In general, claiming at age 62 results in a 25-30% benefit reduction compared to your full retirement age amount. The earlier you file, the smaller your monthly checks will be.

Let’s compare the potential reduction at both age 62 and 65 using some examples.

Claiming at Age 62

Say your full retirement age is 67 and your unreduced benefit amount is $1,000 per month.

If you claim benefits at age 62 (60 months before your full retirement age), your benefit would be reduced by 30% to $700 per month.

The reduction is calculated as follows:

  • The first 36 months have a reduction rate of 5/9 of 1% per month. That equals 20% (36 x 5/9% = 20%).
  • The remaining 24 months have a reduction rate of 5/12 of 1% per month. That’s an additional 10% (24 x 5/12% = 10%).
  • Adding the two percentages together gives you the maximum 30% reduction.

This means if you were entitled to a $1,000 benefit at your full retirement age of 67, claiming at age 62 would permanently drop your monthly benefit to $700.

Claiming at Age 65

Now let’s consider the impact of claiming benefits at age 65, which is 2 years before the full retirement age of 67 in our example.

If you claim benefits at 65, your benefit would be reduced by 13.3% to $866 per month.

Here is how the reduction is calculated when claiming at 65:

  • There is a reduction rate of 5/9 of 1% for each of the first 36 months early. That equals 20% (36 x 5/9% = 20%).
  • There are no additional reductions beyond 36 months.

So claiming 2 years early results in a 20% reduction, lowering a $1,000 full retirement benefit to $800 per month.

The key takeaway is that for each month you claim benefits before your full retirement age, up to 36 months, your benefit is reduced by 5/9 of 1%. After 36 months, the reduction rate drops to 5/12 of 1% per month.

Difference Between 62 vs. 65

In our example, claiming at age 62 instead of 65 results in a $166 lower monthly benefit ($700 vs. $866).

That’s a $1,992 difference in annual benefits.

Over a 20 year retirement starting at 65, delaying claiming from 62 to 65 would result in $39,840 more in cumulative benefits.

The advantage of waiting grows each year you delay benefits beyond age 62. Here is a table summarizing the monthly benefit at ages 62, 65 and 67 using our example:

Claiming Age Monthly Benefit
62 $700
65 $866
67 $1,000

The breakeven point where the higher monthly amount from delaying exceeds the total benefits received from claiming early depends on how long you live. But in most cases, it makes sense to wait beyond age 62 if you can afford to do so.

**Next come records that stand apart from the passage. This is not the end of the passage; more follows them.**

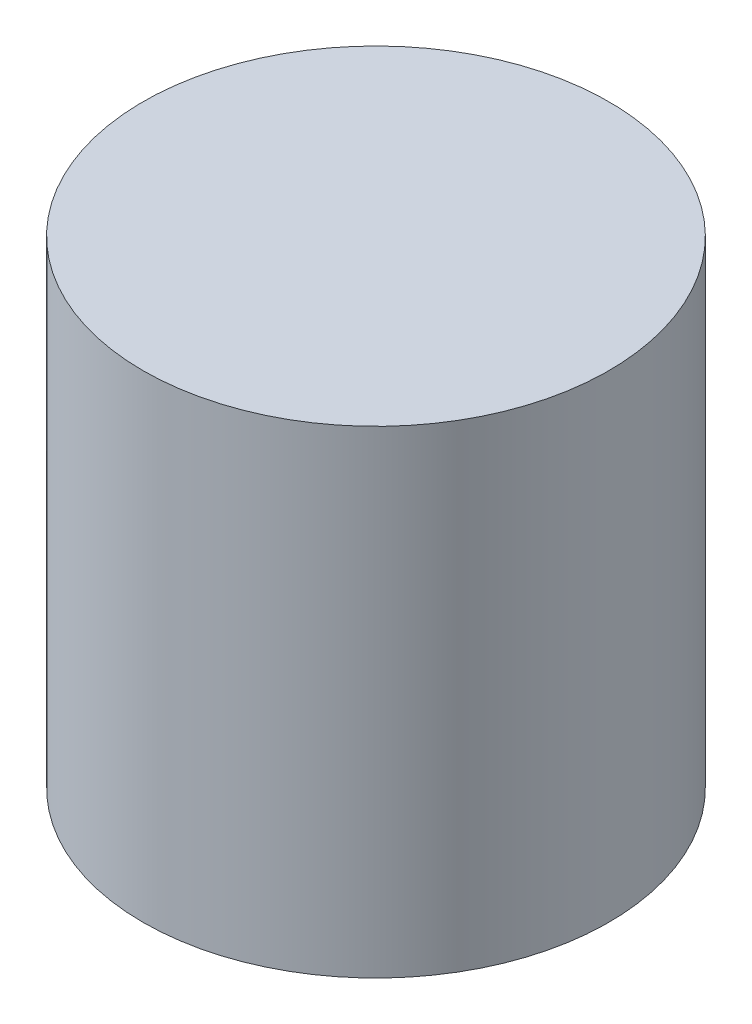
ISO-10303-21;
HEADER;
FILE_DESCRIPTION(('STEP AP214'),'2;1');
FILE_NAME('part.step','',(''),(''),'','','');
FILE_SCHEMA(('AUTOMOTIVE_DESIGN { 1 0 10303 214 1 1 1 1 }'));
ENDSEC;
DATA;
#1=APPLICATION_CONTEXT('core data for automotive mechanical design processes');
#2=APPLICATION_PROTOCOL_DEFINITION('international standard','automotive_design',2000,#1);
#3=PRODUCT_CONTEXT('',#1,'mechanical');
#4=PRODUCT('Part','Part','',(#3));
#5=PRODUCT_RELATED_PRODUCT_CATEGORY('part','',(#4));
#6=PRODUCT_DEFINITION_FORMATION('','',#4);
#7=PRODUCT_DEFINITION_CONTEXT('part definition',#1,'design');
#8=PRODUCT_DEFINITION('design','',#6,#7);
#9=PRODUCT_DEFINITION_SHAPE('','',#8);
#10=(LENGTH_UNIT() NAMED_UNIT(*) SI_UNIT(.MILLI.,.METRE.));
#11=(NAMED_UNIT(*) PLANE_ANGLE_UNIT() SI_UNIT($,.RADIAN.));
#12=(NAMED_UNIT(*) SI_UNIT($,.STERADIAN.) SOLID_ANGLE_UNIT());
#13=UNCERTAINTY_MEASURE_WITH_UNIT(LENGTH_MEASURE(1.E-05),#10,'distance_accuracy_value','');
#14=(GEOMETRIC_REPRESENTATION_CONTEXT(3) GLOBAL_UNCERTAINTY_ASSIGNED_CONTEXT((#13)) GLOBAL_UNIT_ASSIGNED_CONTEXT((#10,
#11,#12)) REPRESENTATION_CONTEXT('',''));
#15=CARTESIAN_POINT('',(0.,0.,0.));
#16=DIRECTION('',(0.,0.,1.));
#17=DIRECTION('',(1.,0.,0.));
#18=AXIS2_PLACEMENT_3D('',#15,#16,#17);
#19=CARTESIAN_POINT('',(0.,20.,0.));
#20=DIRECTION('',(0.,-1.,0.));
#21=DIRECTION('',(0.,0.,-1.));
#22=AXIS2_PLACEMENT_3D('',#19,#20,#21);
#23=CYLINDRICAL_SURFACE('',#22,9.75);
#24=CARTESIAN_POINT('',(0.,20.,0.));
#25=DIRECTION('',(0.,1.,0.));
#26=DIRECTION('',(0.,0.,1.));
#27=AXIS2_PLACEMENT_3D('',#24,#25,#26);
#28=CIRCLE('',#27,9.75);
#29=CARTESIAN_POINT('',(0.,20.,9.75));
#30=VERTEX_POINT('',#29);
#31=EDGE_CURVE('E10',#30,#30,#28,.T.);
#32=ORIENTED_EDGE('',*,*,#31,.F.);
#33=EDGE_LOOP('',(#32));
#34=FACE_BOUND('',#33,.T.);
#35=CARTESIAN_POINT('',(0.,0.,0.));
#36=DIRECTION('',(0.,1.,0.));
#37=DIRECTION('',(0.,0.,1.));
#38=AXIS2_PLACEMENT_3D('',#35,#36,#37);
#39=CIRCLE('',#38,9.75);
#40=CARTESIAN_POINT('',(0.,0.,9.75));
#41=VERTEX_POINT('',#40);
#42=EDGE_CURVE('E37',#41,#41,#39,.T.);
#43=ORIENTED_EDGE('',*,*,#42,.T.);
#44=EDGE_LOOP('',(#43));
#45=FACE_BOUND('',#44,.T.);
#46=ADVANCED_FACE('F34',(#34,#45),#23,.T.);
#47=CARTESIAN_POINT('',(0.,20.,0.));
#48=DIRECTION('',(0.,1.,0.));
#49=DIRECTION('',(0.,0.,1.));
#50=AXIS2_PLACEMENT_3D('',#47,#48,#49);
#51=PLANE('',#50);
#52=ORIENTED_EDGE('',*,*,#31,.T.);
#53=EDGE_LOOP('',(#52));
#54=FACE_BOUND('',#53,.T.);
#55=ADVANCED_FACE('F49',(#54),#51,.T.);
#56=CARTESIAN_POINT('',(0.,0.,0.));
#57=DIRECTION('',(0.,1.,0.));
#58=DIRECTION('',(0.,0.,1.));
#59=AXIS2_PLACEMENT_3D('',#56,#57,#58);
#60=PLANE('',#59);
#61=ORIENTED_EDGE('',*,*,#42,.F.);
#62=EDGE_LOOP('',(#61));
#63=FACE_BOUND('',#62,.T.);
#64=ADVANCED_FACE('F47',(#63),#60,.F.);
#65=CLOSED_SHELL('',(#46,#55,#64));
#66=MANIFOLD_SOLID_BREP('B2',#65);
#67=ADVANCED_BREP_SHAPE_REPRESENTATION('',(#18,#66),#14);
#68=SHAPE_DEFINITION_REPRESENTATION(#9,#67);
ENDSEC;
END-ISO-10303-21;
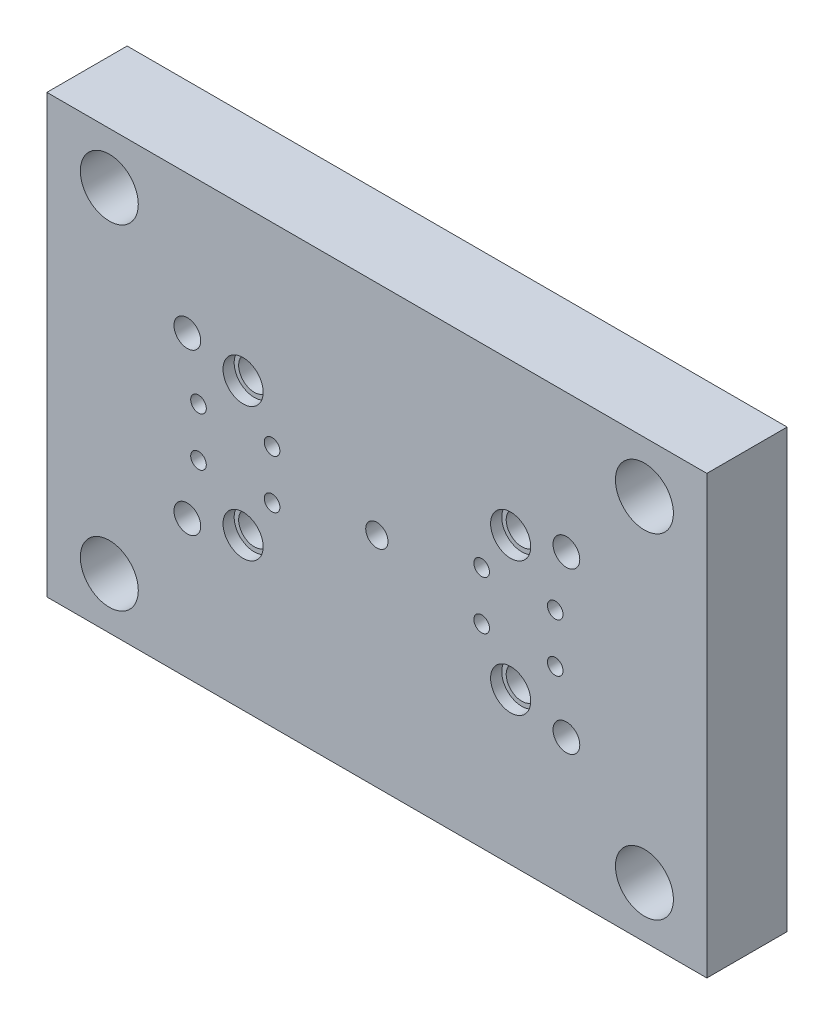
ISO-10303-21;
HEADER;
FILE_DESCRIPTION(('STEP AP214'),'2;1');
FILE_NAME('part.step','',(''),(''),'','','');
FILE_SCHEMA(('AUTOMOTIVE_DESIGN { 1 0 10303 214 1 1 1 1 }'));
ENDSEC;
DATA;
#1=APPLICATION_CONTEXT('core data for automotive mechanical design processes');
#2=APPLICATION_PROTOCOL_DEFINITION('international standard','automotive_design',2000,#1);
#3=PRODUCT_CONTEXT('',#1,'mechanical');
#4=PRODUCT('Part','Part','',(#3));
#5=PRODUCT_RELATED_PRODUCT_CATEGORY('part','',(#4));
#6=PRODUCT_DEFINITION_FORMATION('','',#4);
#7=PRODUCT_DEFINITION_CONTEXT('part definition',#1,'design');
#8=PRODUCT_DEFINITION('design','',#6,#7);
#9=PRODUCT_DEFINITION_SHAPE('','',#8);
#10=(LENGTH_UNIT() NAMED_UNIT(*) SI_UNIT(.MILLI.,.METRE.));
#11=(NAMED_UNIT(*) PLANE_ANGLE_UNIT() SI_UNIT($,.RADIAN.));
#12=(NAMED_UNIT(*) SI_UNIT($,.STERADIAN.) SOLID_ANGLE_UNIT());
#13=UNCERTAINTY_MEASURE_WITH_UNIT(LENGTH_MEASURE(1.E-05),#10,'distance_accuracy_value','');
#14=(GEOMETRIC_REPRESENTATION_CONTEXT(3) GLOBAL_UNCERTAINTY_ASSIGNED_CONTEXT((#13)) GLOBAL_UNIT_ASSIGNED_CONTEXT((#10,
#11,#12)) REPRESENTATION_CONTEXT('',''));
#15=CARTESIAN_POINT('',(0.,0.,0.));
#16=DIRECTION('',(0.,0.,1.));
#17=DIRECTION('',(1.,0.,0.));
#18=AXIS2_PLACEMENT_3D('',#15,#16,#17);
#19=CARTESIAN_POINT('',(-148.,-98.,-36.));
#20=DIRECTION('',(-1.,0.,0.));
#21=DIRECTION('',(0.,0.,1.));
#22=AXIS2_PLACEMENT_3D('',#19,#20,#21);
#23=PLANE('',#22);
#24=DIRECTION('',(0.,-1.,0.));
#25=VECTOR('',#24,1.);
#26=CARTESIAN_POINT('',(-148.,-98.,0.));
#27=LINE('',#26,#25);
#28=CARTESIAN_POINT('',(-148.,98.,0.));
#29=VERTEX_POINT('',#28);
#30=CARTESIAN_POINT('',(-148.,-98.,0.));
#31=VERTEX_POINT('',#30);
#32=EDGE_CURVE('E100',#29,#31,#27,.T.);
#33=ORIENTED_EDGE('',*,*,#32,.F.);
#34=DIRECTION('',(0.,0.,1.));
#35=VECTOR('',#34,1.);
#36=CARTESIAN_POINT('',(-148.,98.,-36.));
#37=LINE('',#36,#35);
#38=CARTESIAN_POINT('',(-148.,98.,-36.));
#39=VERTEX_POINT('',#38);
#40=EDGE_CURVE('E11',#39,#29,#37,.T.);
#41=ORIENTED_EDGE('',*,*,#40,.F.);
#42=DIRECTION('',(0.,-1.,0.));
#43=VECTOR('',#42,1.);
#44=CARTESIAN_POINT('',(-148.,-98.,-36.));
#45=LINE('',#44,#43);
#46=CARTESIAN_POINT('',(-148.,-98.,-36.));
#47=VERTEX_POINT('',#46);
#48=EDGE_CURVE('E93',#39,#47,#45,.T.);
#49=ORIENTED_EDGE('',*,*,#48,.T.);
#50=DIRECTION('',(0.,0.,1.));
#51=VECTOR('',#50,1.);
#52=CARTESIAN_POINT('',(-148.,-98.,-36.));
#53=LINE('',#52,#51);
#54=EDGE_CURVE('E38',#47,#31,#53,.T.);
#55=ORIENTED_EDGE('',*,*,#54,.T.);
#56=EDGE_LOOP('',(#33,#41,#49,#55));
#57=FACE_BOUND('',#56,.T.);
#58=ADVANCED_FACE('F35',(#57),#23,.T.);
#59=CARTESIAN_POINT('',(148.,98.,-36.));
#60=DIRECTION('',(0.,1.,0.));
#61=DIRECTION('',(0.,0.,1.));
#62=AXIS2_PLACEMENT_3D('',#59,#60,#61);
#63=PLANE('',#62);
#64=DIRECTION('',(-1.,0.,0.));
#65=VECTOR('',#64,1.);
#66=CARTESIAN_POINT('',(148.,98.,0.));
#67=LINE('',#66,#65);
#68=CARTESIAN_POINT('',(148.,98.,0.));
#69=VERTEX_POINT('',#68);
#70=EDGE_CURVE('E95',#69,#29,#67,.T.);
#71=ORIENTED_EDGE('',*,*,#70,.F.);
#72=DIRECTION('',(0.,0.,1.));
#73=VECTOR('',#72,1.);
#74=CARTESIAN_POINT('',(148.,98.,-36.));
#75=LINE('',#74,#73);
#76=CARTESIAN_POINT('',(148.,98.,-36.));
#77=VERTEX_POINT('',#76);
#78=EDGE_CURVE('E44',#77,#69,#75,.T.);
#79=ORIENTED_EDGE('',*,*,#78,.F.);
#80=DIRECTION('',(-1.,0.,0.));
#81=VECTOR('',#80,1.);
#82=CARTESIAN_POINT('',(148.,98.,-36.));
#83=LINE('',#82,#81);
#84=EDGE_CURVE('E90',#77,#39,#83,.T.);
#85=ORIENTED_EDGE('',*,*,#84,.T.);
#86=ORIENTED_EDGE('',*,*,#40,.T.);
#87=EDGE_LOOP('',(#71,#79,#85,#86));
#88=FACE_BOUND('',#87,.T.);
#89=ADVANCED_FACE('F111',(#88),#63,.T.);
#90=CARTESIAN_POINT('',(148.,-98.,-36.));
#91=DIRECTION('',(1.,0.,0.));
#92=DIRECTION('',(0.,0.,-1.));
#93=AXIS2_PLACEMENT_3D('',#90,#91,#92);
#94=PLANE('',#93);
#95=DIRECTION('',(0.,1.,0.));
#96=VECTOR('',#95,1.);
#97=CARTESIAN_POINT('',(148.,-98.,0.));
#98=LINE('',#97,#96);
#99=CARTESIAN_POINT('',(148.,-98.,0.));
#100=VERTEX_POINT('',#99);
#101=EDGE_CURVE('E85',#100,#69,#98,.T.);
#102=ORIENTED_EDGE('',*,*,#101,.F.);
#103=DIRECTION('',(0.,0.,1.));
#104=VECTOR('',#103,1.);
#105=CARTESIAN_POINT('',(148.,-98.,-36.));
#106=LINE('',#105,#104);
#107=CARTESIAN_POINT('',(148.,-98.,-36.));
#108=VERTEX_POINT('',#107);
#109=EDGE_CURVE('E80',#108,#100,#106,.T.);
#110=ORIENTED_EDGE('',*,*,#109,.F.);
#111=DIRECTION('',(0.,1.,0.));
#112=VECTOR('',#111,1.);
#113=CARTESIAN_POINT('',(148.,-98.,-36.));
#114=LINE('',#113,#112);
#115=EDGE_CURVE('E83',#108,#77,#114,.T.);
#116=ORIENTED_EDGE('',*,*,#115,.T.);
#117=ORIENTED_EDGE('',*,*,#78,.T.);
#118=EDGE_LOOP('',(#102,#110,#116,#117));
#119=FACE_BOUND('',#118,.T.);
#120=ADVANCED_FACE('F82',(#119),#94,.T.);
#121=CARTESIAN_POINT('',(148.,-98.,-36.));
#122=DIRECTION('',(0.,-1.,0.));
#123=DIRECTION('',(0.,0.,-1.));
#124=AXIS2_PLACEMENT_3D('',#121,#122,#123);
#125=PLANE('',#124);
#126=DIRECTION('',(1.,0.,0.));
#127=VECTOR('',#126,1.);
#128=CARTESIAN_POINT('',(148.,-98.,0.));
#129=LINE('',#128,#127);
#130=EDGE_CURVE('E103',#31,#100,#129,.T.);
#131=ORIENTED_EDGE('',*,*,#130,.F.);
#132=ORIENTED_EDGE('',*,*,#54,.F.);
#133=DIRECTION('',(1.,0.,0.));
#134=VECTOR('',#133,1.);
#135=CARTESIAN_POINT('',(148.,-98.,-36.));
#136=LINE('',#135,#134);
#137=EDGE_CURVE('E89',#47,#108,#136,.T.);
#138=ORIENTED_EDGE('',*,*,#137,.T.);
#139=ORIENTED_EDGE('',*,*,#109,.T.);
#140=EDGE_LOOP('',(#131,#132,#138,#139));
#141=FACE_BOUND('',#140,.T.);
#142=ADVANCED_FACE('F92',(#141),#125,.T.);
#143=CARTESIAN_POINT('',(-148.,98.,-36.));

Strategies to Maximize Your Benefits

Deciding when to claim Social Security depends on many personal factors like age, health, marital status, other income sources, and how much income you need. Here are a few strategies to consider:

  • Claim at full retirement age – Waiting until your full retirement age lets you receive 100% of your earned benefit amount. For most Baby Boomers, the full retirement age is 66 or 67.

  • Delay until age 70 – This maximizes the value of your benefits. Each year you wait beyond your full retirement age up until 70 earns you delayed retirement credits that provide an 8% boost in your payments.

  • Claim part of a spousal benefit – If your spouse claimed early, but you delay benefits, you can collect a partial spousal benefit at full retirement age while still earning delayed credits on your own record.

  • Claim now, suspend later – If you claim early but later wish to postpone benefits, you can suspend your claim (age 66-67) to accrue delayed credits and restart at 70.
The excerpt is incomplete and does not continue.